* [Problem description] Looking at the listing below, retype exactly the lines starting at the one containing "#6=PRODUCT_DEFINITION_FORMATION('','',#4);" and ending at the one containing "#26=CARTESIAN_POINT('',(7.68370854873001,2.,0.896273942821651));", both included, and nothing else.

────

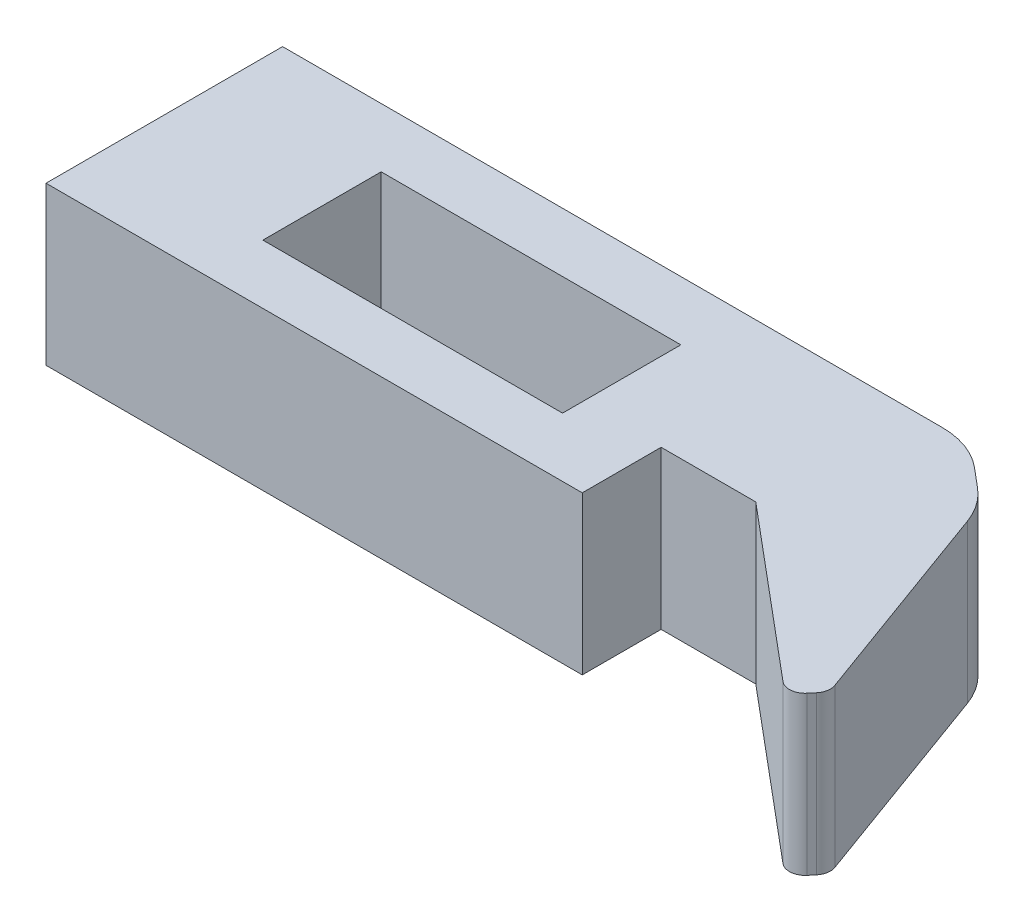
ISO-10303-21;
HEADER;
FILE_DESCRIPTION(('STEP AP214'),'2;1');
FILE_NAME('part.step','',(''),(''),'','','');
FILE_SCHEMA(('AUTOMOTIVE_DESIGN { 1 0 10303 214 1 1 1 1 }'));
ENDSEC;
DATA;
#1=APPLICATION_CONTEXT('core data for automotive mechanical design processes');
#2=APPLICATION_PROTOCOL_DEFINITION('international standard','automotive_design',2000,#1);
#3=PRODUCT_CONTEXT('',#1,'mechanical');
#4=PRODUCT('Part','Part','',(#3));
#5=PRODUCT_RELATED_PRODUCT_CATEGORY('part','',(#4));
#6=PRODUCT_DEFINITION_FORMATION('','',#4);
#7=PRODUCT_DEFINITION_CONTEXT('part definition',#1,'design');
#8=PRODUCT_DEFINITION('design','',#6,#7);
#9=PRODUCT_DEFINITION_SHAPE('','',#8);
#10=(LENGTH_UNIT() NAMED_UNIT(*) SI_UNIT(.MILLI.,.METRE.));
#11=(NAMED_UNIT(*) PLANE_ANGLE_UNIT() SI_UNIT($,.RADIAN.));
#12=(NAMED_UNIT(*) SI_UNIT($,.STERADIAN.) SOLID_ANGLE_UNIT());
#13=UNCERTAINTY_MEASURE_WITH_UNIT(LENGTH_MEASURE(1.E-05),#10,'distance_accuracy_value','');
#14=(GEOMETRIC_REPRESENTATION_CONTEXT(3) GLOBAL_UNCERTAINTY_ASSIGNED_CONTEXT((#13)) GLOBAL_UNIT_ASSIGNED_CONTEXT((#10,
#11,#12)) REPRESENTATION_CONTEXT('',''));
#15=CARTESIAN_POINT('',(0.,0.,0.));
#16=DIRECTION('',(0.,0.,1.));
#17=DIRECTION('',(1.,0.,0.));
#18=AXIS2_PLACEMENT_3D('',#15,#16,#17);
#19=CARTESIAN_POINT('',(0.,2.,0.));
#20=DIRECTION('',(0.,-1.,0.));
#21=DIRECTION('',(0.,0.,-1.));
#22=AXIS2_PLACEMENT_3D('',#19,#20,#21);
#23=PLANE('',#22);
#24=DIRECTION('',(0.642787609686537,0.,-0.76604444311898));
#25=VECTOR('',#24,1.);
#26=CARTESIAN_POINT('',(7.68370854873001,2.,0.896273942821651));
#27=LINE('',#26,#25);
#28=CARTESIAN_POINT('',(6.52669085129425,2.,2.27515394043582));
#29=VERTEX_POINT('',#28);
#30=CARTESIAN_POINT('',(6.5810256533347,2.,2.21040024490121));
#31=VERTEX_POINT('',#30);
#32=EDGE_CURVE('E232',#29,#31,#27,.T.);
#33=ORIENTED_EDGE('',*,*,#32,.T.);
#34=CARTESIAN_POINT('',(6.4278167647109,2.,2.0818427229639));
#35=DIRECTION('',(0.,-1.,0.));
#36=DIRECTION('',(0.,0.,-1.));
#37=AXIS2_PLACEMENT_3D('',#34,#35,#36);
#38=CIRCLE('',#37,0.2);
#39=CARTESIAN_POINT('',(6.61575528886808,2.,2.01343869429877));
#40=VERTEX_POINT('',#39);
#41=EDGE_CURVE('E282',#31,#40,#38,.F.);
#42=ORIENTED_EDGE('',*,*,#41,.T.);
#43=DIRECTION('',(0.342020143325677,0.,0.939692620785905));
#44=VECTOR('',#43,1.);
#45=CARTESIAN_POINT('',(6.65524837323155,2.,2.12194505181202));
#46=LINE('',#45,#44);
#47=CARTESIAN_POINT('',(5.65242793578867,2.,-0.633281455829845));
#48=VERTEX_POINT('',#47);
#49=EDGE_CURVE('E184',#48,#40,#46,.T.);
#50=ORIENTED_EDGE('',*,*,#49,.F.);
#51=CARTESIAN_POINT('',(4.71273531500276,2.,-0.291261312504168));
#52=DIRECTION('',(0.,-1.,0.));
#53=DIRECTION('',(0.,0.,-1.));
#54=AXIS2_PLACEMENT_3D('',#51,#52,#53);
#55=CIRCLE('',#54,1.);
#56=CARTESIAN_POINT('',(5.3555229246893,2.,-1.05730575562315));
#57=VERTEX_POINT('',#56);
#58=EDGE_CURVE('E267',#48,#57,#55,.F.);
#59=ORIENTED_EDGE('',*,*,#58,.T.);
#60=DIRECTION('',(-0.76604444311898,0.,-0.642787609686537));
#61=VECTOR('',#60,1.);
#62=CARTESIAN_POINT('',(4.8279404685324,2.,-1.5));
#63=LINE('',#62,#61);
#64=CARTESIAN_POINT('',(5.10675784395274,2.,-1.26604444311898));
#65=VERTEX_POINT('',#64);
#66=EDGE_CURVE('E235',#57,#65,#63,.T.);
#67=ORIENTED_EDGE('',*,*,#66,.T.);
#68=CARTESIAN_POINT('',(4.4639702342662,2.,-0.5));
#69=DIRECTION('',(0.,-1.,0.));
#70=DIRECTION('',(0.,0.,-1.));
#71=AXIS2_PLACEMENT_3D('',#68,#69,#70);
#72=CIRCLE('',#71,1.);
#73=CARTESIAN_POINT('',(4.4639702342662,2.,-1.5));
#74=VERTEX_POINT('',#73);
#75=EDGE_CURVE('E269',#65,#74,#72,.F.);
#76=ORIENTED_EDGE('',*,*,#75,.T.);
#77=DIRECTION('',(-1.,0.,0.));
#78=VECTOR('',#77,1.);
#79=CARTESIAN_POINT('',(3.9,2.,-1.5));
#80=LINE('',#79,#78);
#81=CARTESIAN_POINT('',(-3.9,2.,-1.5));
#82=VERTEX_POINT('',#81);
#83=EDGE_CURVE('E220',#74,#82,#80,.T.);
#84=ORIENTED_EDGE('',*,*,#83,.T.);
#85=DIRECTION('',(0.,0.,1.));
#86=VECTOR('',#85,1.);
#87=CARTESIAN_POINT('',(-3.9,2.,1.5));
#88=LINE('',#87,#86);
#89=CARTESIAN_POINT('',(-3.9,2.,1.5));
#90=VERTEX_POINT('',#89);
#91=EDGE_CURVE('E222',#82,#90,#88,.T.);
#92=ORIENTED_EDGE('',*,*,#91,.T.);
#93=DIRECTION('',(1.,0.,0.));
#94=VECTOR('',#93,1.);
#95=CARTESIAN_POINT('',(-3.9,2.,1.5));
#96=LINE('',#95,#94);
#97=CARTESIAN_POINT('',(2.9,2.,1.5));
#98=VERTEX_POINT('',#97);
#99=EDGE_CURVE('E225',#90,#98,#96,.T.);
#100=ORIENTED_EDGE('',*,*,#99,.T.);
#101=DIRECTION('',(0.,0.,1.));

────

* [Task response]
#6=PRODUCT_DEFINITION_FORMATION('','',#4);
#7=PRODUCT_DEFINITION_CONTEXT('part definition',#1,'design');
#8=PRODUCT_DEFINITION('design','',#6,#7);
#9=PRODUCT_DEFINITION_SHAPE('','',#8);
#10=(LENGTH_UNIT() NAMED_UNIT(*) SI_UNIT(.MILLI.,.METRE.));
#11=(NAMED_UNIT(*) PLANE_ANGLE_UNIT() SI_UNIT($,.RADIAN.));
#12=(NAMED_UNIT(*) SI_UNIT($,.STERADIAN.) SOLID_ANGLE_UNIT());
#13=UNCERTAINTY_MEASURE_WITH_UNIT(LENGTH_MEASURE(1.E-05),#10,'distance_accuracy_value','');
#14=(GEOMETRIC_REPRESENTATION_CONTEXT(3) GLOBAL_UNCERTAINTY_ASSIGNED_CONTEXT((#13)) GLOBAL_UNIT_ASSIGNED_CONTEXT((#10,
#11,#12)) REPRESENTATION_CONTEXT('',''));
#15=CARTESIAN_POINT('',(0.,0.,0.));
#16=DIRECTION('',(0.,0.,1.));
#17=DIRECTION('',(1.,0.,0.));
#18=AXIS2_PLACEMENT_3D('',#15,#16,#17);
#19=CARTESIAN_POINT('',(0.,2.,0.));
#20=DIRECTION('',(0.,-1.,0.));
#21=DIRECTION('',(0.,0.,-1.));
#22=AXIS2_PLACEMENT_3D('',#19,#20,#21);
#23=PLANE('',#22);
#24=DIRECTION('',(0.642787609686537,0.,-0.76604444311898));
#25=VECTOR('',#24,1.);
#26=CARTESIAN_POINT('',(7.68370854873001,2.,0.896273942821651));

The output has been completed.